When filling out the Florida Hospital form, it is important to follow certain guidelines to ensure a smooth and efficient process. Below is a list of things you should and shouldn't do.

  • Do provide accurate and complete patient information.
  • Do include all relevant insurance details, including policy numbers and subscriber information.
  • Do indicate if the appointment is urgent and specify the reason for the visit.
  • Do submit any required documents from the referring physician’s office along with the form.
  • Don't leave any fields blank unless specified; incomplete forms can delay the process.
  • Don't forget to check for any additional instructions or requirements listed on the form.

By adhering to these guidelines, individuals can help ensure that the referral process is expedited and that appointments are scheduled in a timely manner.

Misconceptions

When it comes to the Florida Hospital form, there are several misconceptions that can lead to confusion. Understanding these can help streamline the process for patients and referring physicians alike.

  • Misconception 1: The form is only for new patients.
  • Many believe that the Florida Hospital form is exclusively for new patients. However, it can also be used for existing patients who may need a referral for a new service or specialist. This flexibility is important for ongoing care.

  • Misconception 2: All information must be completed before submission.
  • Some think that every field on the form must be filled out in detail. While providing comprehensive information is helpful, only the essential details are required to initiate the referral process. Missing non-essential information will not delay care.

  • Misconception 3: Referring physicians must send all medical records.
  • It’s a common belief that all medical records are needed for the referral. In reality, only specific documents are required, such as the history and physical, recent labs, and any relevant imaging reports. This targeted approach simplifies the process.

  • Misconception 4: Appointments are always scheduled within the 3-5 day timeframe.
  • While the goal is to schedule appointments within 3-5 days, various factors can affect this timeline. Availability of specialists, urgency of the case, and completeness of submitted documents can all play a role in scheduling.

Key takeaways

When filling out and using the Florida Hospital form, keep these key takeaways in mind:

  • Timeliness is crucial. The hospital aims to see patients within 3-5 days of receiving the referral. Ensure you submit the form promptly to facilitate this timeline.
  • Complete all required fields. Fill in patient information accurately, including contact details, insurance information, and reason for the appointment.
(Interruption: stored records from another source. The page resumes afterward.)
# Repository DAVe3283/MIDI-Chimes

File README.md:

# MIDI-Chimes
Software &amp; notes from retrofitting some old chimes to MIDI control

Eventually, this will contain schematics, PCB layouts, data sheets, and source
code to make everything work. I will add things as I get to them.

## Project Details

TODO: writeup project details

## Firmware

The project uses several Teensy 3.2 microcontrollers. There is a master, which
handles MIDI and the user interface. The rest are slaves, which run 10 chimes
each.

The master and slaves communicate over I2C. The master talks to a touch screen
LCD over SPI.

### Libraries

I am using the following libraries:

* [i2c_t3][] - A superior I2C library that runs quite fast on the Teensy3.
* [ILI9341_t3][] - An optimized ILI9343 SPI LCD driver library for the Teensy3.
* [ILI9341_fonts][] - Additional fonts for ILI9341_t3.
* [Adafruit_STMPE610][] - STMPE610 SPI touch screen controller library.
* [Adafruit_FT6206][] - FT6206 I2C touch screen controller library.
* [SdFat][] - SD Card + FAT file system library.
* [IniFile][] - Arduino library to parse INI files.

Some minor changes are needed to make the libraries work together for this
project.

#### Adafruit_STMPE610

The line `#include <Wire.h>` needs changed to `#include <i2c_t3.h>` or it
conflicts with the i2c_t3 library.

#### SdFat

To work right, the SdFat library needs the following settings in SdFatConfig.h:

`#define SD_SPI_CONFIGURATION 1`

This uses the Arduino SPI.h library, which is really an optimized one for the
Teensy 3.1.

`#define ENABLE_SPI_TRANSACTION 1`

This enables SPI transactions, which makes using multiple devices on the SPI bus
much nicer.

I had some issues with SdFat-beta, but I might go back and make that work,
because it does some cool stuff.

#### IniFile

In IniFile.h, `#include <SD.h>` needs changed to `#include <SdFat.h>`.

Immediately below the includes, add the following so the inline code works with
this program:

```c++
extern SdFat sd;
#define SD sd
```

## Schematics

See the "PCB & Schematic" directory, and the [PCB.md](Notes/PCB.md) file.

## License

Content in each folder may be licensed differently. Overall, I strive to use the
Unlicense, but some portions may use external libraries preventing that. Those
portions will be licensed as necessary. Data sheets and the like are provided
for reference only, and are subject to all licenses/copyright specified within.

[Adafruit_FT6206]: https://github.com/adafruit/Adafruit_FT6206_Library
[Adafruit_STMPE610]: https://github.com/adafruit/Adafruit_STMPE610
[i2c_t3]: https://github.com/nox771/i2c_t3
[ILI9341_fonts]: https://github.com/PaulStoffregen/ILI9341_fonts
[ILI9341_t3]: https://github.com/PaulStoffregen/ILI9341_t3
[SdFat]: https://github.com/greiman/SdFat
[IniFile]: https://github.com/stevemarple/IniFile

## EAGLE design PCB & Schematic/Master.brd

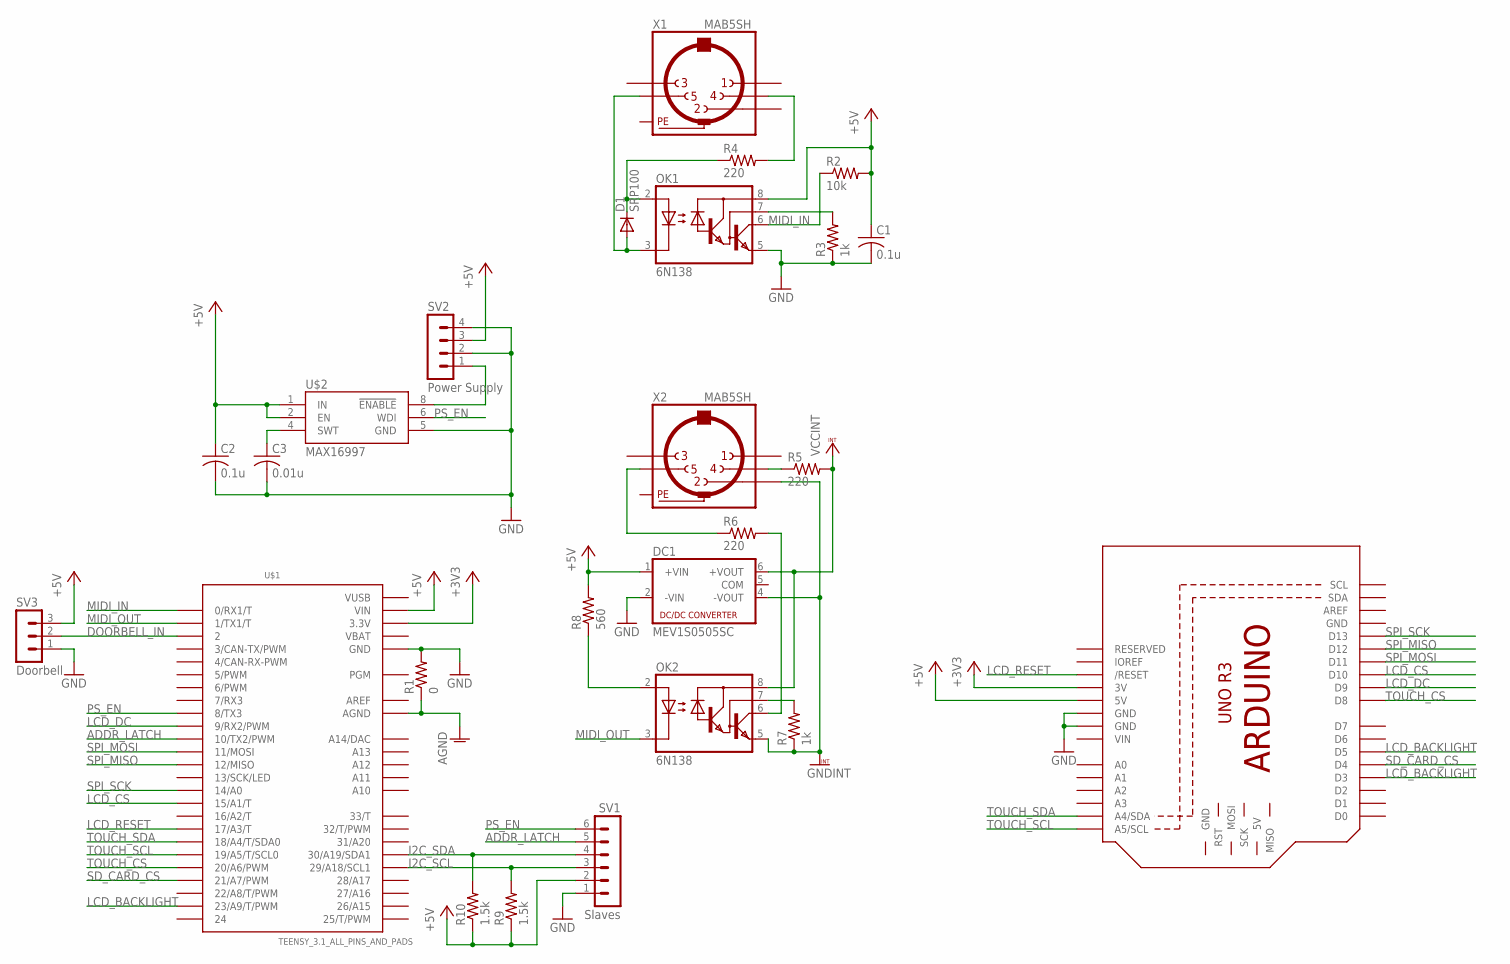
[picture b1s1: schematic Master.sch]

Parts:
C1, C2: 0.1u; C0805
C3: 0.01u; C0805
D1: SRP100; DO41-10
DC1: MEV1S0505SC; NMA
M1: ARDUINO_R3_ICSP_NODIM; ARDUINOR3_ICSP_NODIM
OK1, OK2: 6N138; DIL08
R1: 0; R0805
R2: 10k; R0805
R3, R7: 1k; R0805
R4, R5, R6: 220; R0805
R8: 560; R0805
R9, R10: 1.5k; R0805
SV1: Slaves; MA06-1
SV2: Power Supply; MA04-1
SV3: Doorbell; MA03-1
U$1: TEENSY_3.1_ALL_PINS_AND_PADS; TEENSY3_ALL_PINS_&_PADS
U$2: MAX16997; UMAX-U8-1
X1, X2: MAB5SH

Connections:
+3V3: M1.3V, U$1.3.3V, U$1.3.3V1 (3.3V), U$1.3.3V2 (3.3V)
+5V: C1.1, C2.1, DC1.1 (+VIN), M1.5V, OK1.8 (VCC), R2.2, R8.2, R9.1, R10.1, SV1.2, SV2.3, SV3.3, U$1.VIN, U$2.1 (IN), U$2.2 (EN)
ADDR_LATCH: SV1.5, U$1.10 (10/TX2/PWM)
AGND: R1.1, U$1.AGND
AREF: U$1.AREF
DOORBELL_IN: SV3.2, U$1.2
GND: C1.2, C2.2, C3.2, DC1.2 (-VIN), M1.GND, M1.GND@1 (GND), M1.GND@3 (GND), OK1.5 (GND), R1.2, R3.1, SV1.1, SV2.2, SV2.4, SV3.1, U$1.GND, U$1.GND1 (GND), U$1.GND2 (GND), U$2.5 (GND)
GNDINT: DC1.4 (-VOUT), OK2.5 (GND), R7.1, X2.2
I2C_SCL: R9.2, SV1.3, U$1.29 (29/A18/SCL1)
I2C_SDA: R10.2, SV1.4, U$1.30 (30/A19/SDA1)
LCD_BACKLIGHT: M1.D3, M1.D5, U$1.23/A9 (23/A9/T/PWM)
LCD_CS: M1.D10, U$1.15/A1 (15/A1/T)
LCD_DC: M1.D9, U$1.9 (9/RX2/PWM)
LCD_RESET: M1.RESET (/RESET), U$1.17/A3 (17/A3/T)
MIDI_IN: OK1.6 (VO), R2.1, U$1.0 (0/RX1/T)
MIDI_OUT: OK2.3 (C), U$1.1 (1/TX1/T)
unnamed: R6.1, X2.5
unnamed: OK1.7 (VB), R3.2
unnamed: D1.C, OK1.2 (A), R4.1
unnamed: R4.2, X1.4
unnamed: D1.A, OK1.3 (C), X1.5
unnamed: OK2.6 (VO), R6.2
unnamed: R5.1, X2.4
unnamed: C3.1, U$2.4 (SWT)
unnamed: OK2.2 (A), R8.1
unnamed: OK2.7 (VB), R7.2
unnamed: SV2.1, U$2.8 (!ENABLE)
PE: X1.PE, X1.PE@ (PE), X2.PE, X2.PE@ (PE)
PS_EN: SV1.6, U$1.8 (8/TX3), U$2.6 (WDI)
SD_CARD_CS: M1.D4, U$1.21/A7 (21/A7/PWM)
SPI_MISO: M1.D12, U$1.12 (12/MISO)
SPI_MOSI: M1.D11, U$1.11 (11/MOSI)
SPI_SCK: M1.D13, U$1.14/A0
TOUCH_CS: M1.D8, U$1.20/A6 (20/A6/PWM)
TOUCH_SCL: M1.A5 (A5/SCL), U$1.19/A5 (19/A5/T/SCL0)
TOUCH_SDA: M1.A4 (A4/SDA), U$1.18/A4 (18/A4/T/SDA0)
VBAT: U$1.VBAT
VCCINT: DC1.6 (+VOUT), OK2.8 (VCC), R5.2
VIN: M1.VIN
VUSB: U$1.VUSB

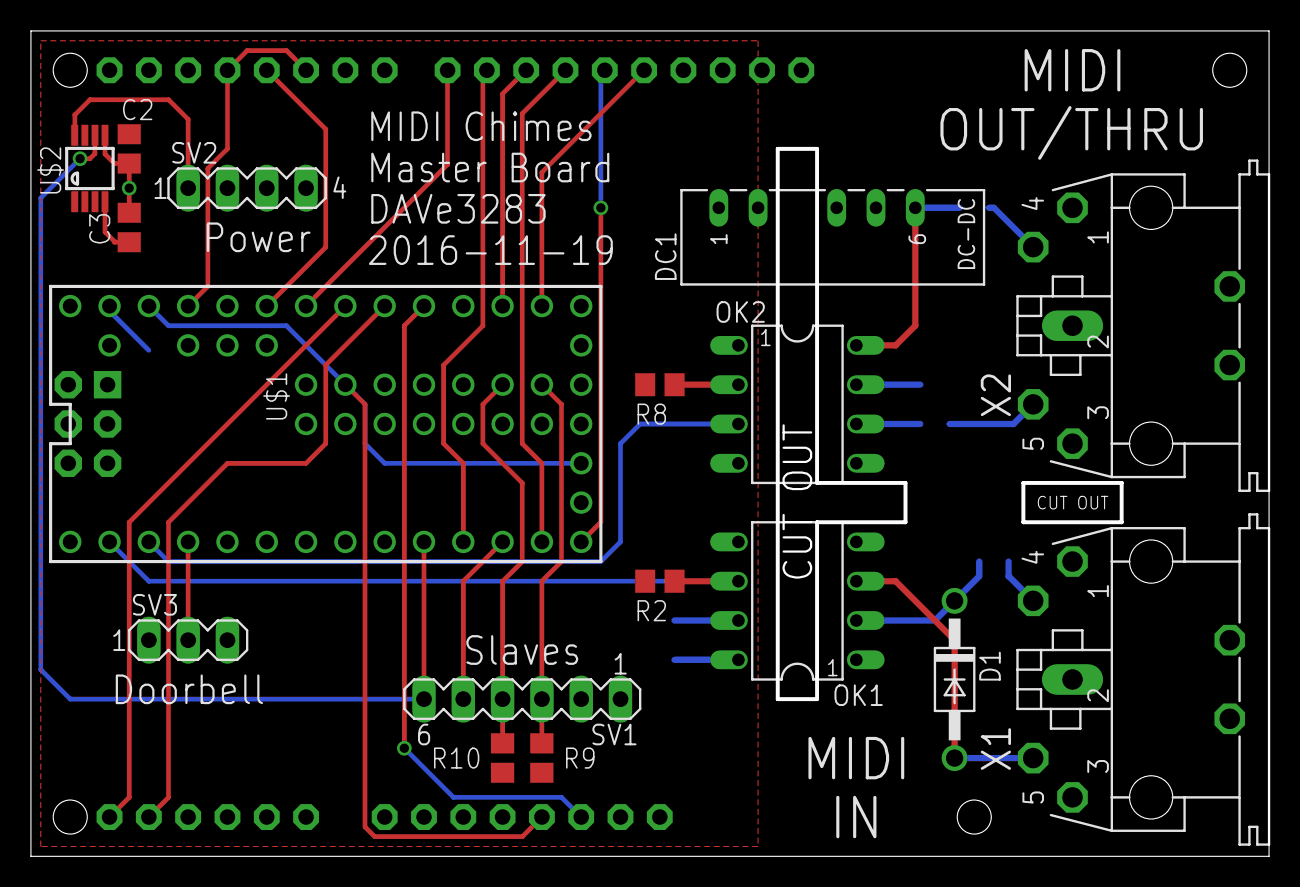
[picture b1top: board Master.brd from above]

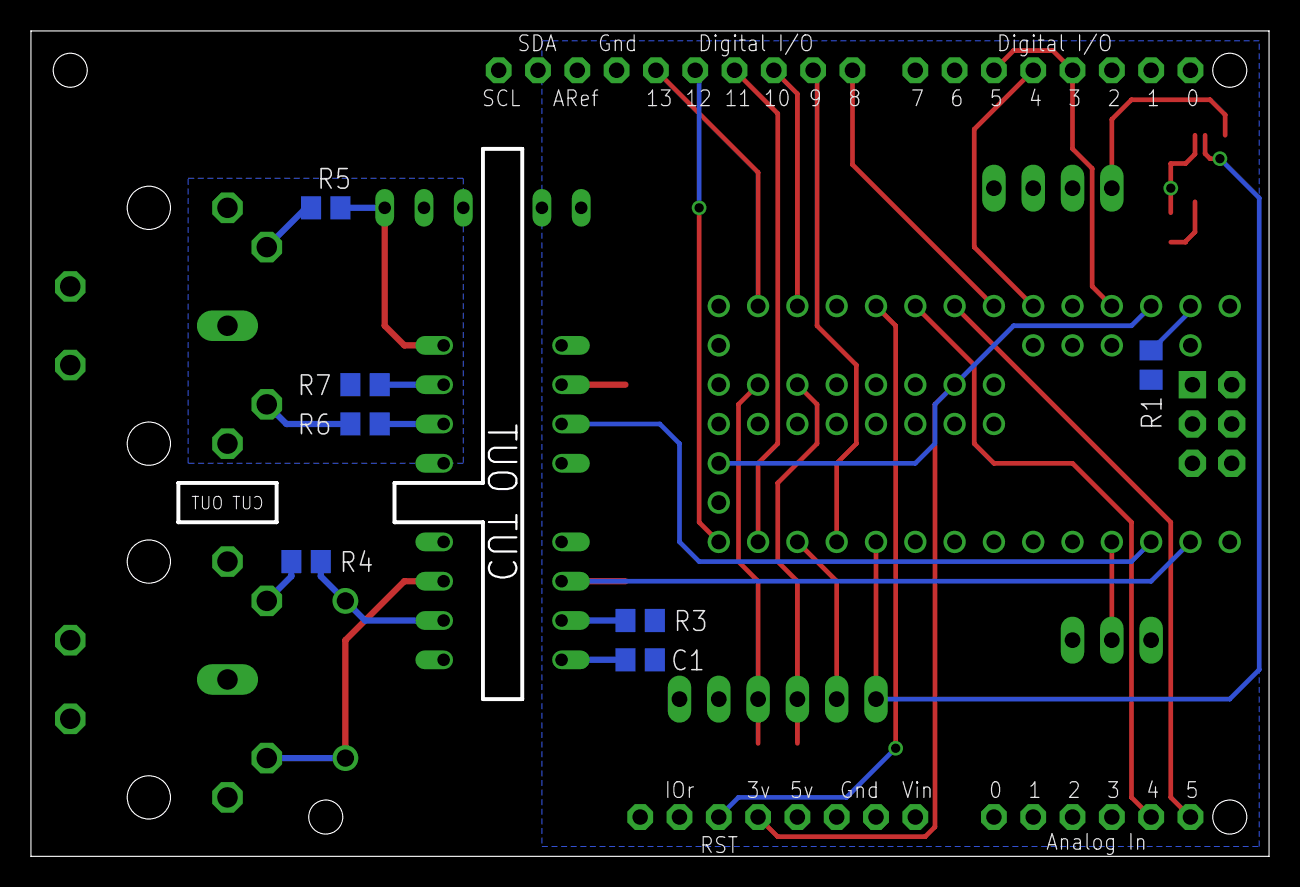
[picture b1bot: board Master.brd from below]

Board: 2 copper layers, 79.8 x 53.1 mm, 25 parts (8 on the bottom side), 36 nets.

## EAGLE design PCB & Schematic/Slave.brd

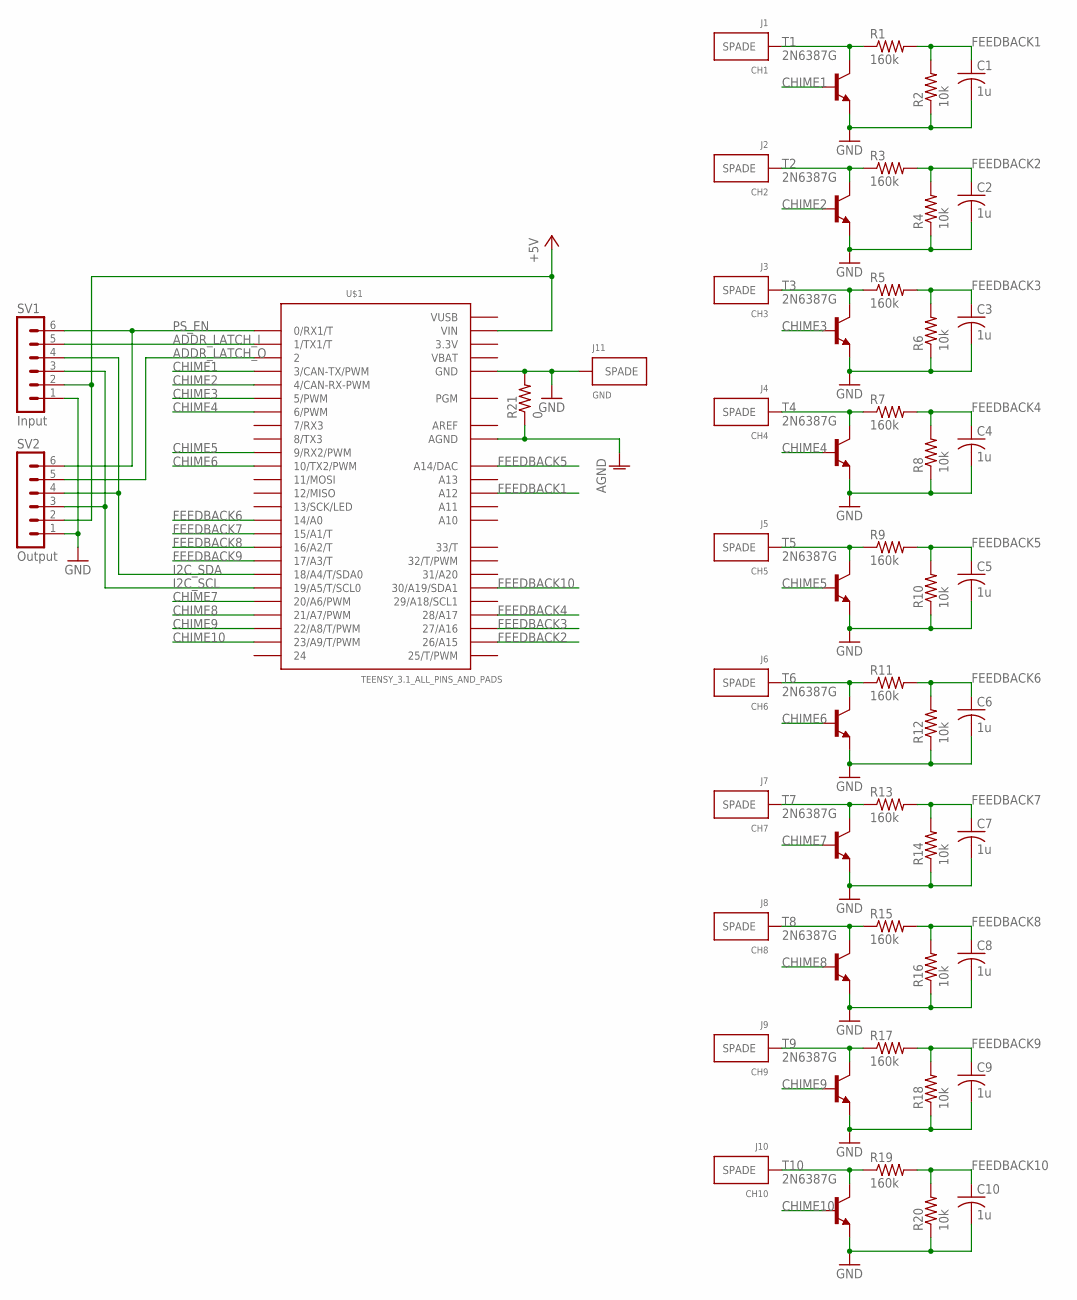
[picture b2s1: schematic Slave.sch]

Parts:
C1, C2, C3, C4, C5, C6, C7, C8, C9, C10: 1u; C0805
J1: CH1; 19705-4001
J2: CH2; 19705-4001
J3: CH3; 19705-4001
J4: CH4; 19705-4001
J5: CH5; 19705-4001
J6: CH6; 19705-4001
J7: CH7; 19705-4001
J8: CH8; 19705-4001
J9: CH9; 19705-4001
J10: CH10; 19705-4001
J11: GND; 19705-4001
R1, R3, R5, R7, R9, R11, R13, R15, R17, R19: 160k; R0805
R2, R4, R6, R8, R10, R12, R14, R16, R18, R20: 10k; R0805
R21: 0; R0805
SV1: Input; MA06-1
SV2: Output; MA06-1
T1, T2, T3, T4, T5, T6, T7, T8, T9, T10: 2N6387G; TO220V
U$1: TEENSY_3.1_ALL_PINS_AND_PADS; TEENSY3_ALL_PINS_&_PADS

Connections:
3.3V: U$1.3.3V, U$1.3.3V1 (3.3V), U$1.3.3V2 (3.3V)
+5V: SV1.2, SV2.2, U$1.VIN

Incomplete forms may delay the process.
  • Provide necessary documents. Include all required medical records and reports from the referring physician's office. This includes history and physical reports, lab results, and imaging studies.
  • Contact information is essential. Make sure to provide both primary and secondary phone numbers. This ensures that the hospital can reach you for any follow-up or appointment scheduling.

By following these guidelines, you can help streamline the process and ensure a smoother experience for both the patient and the healthcare team.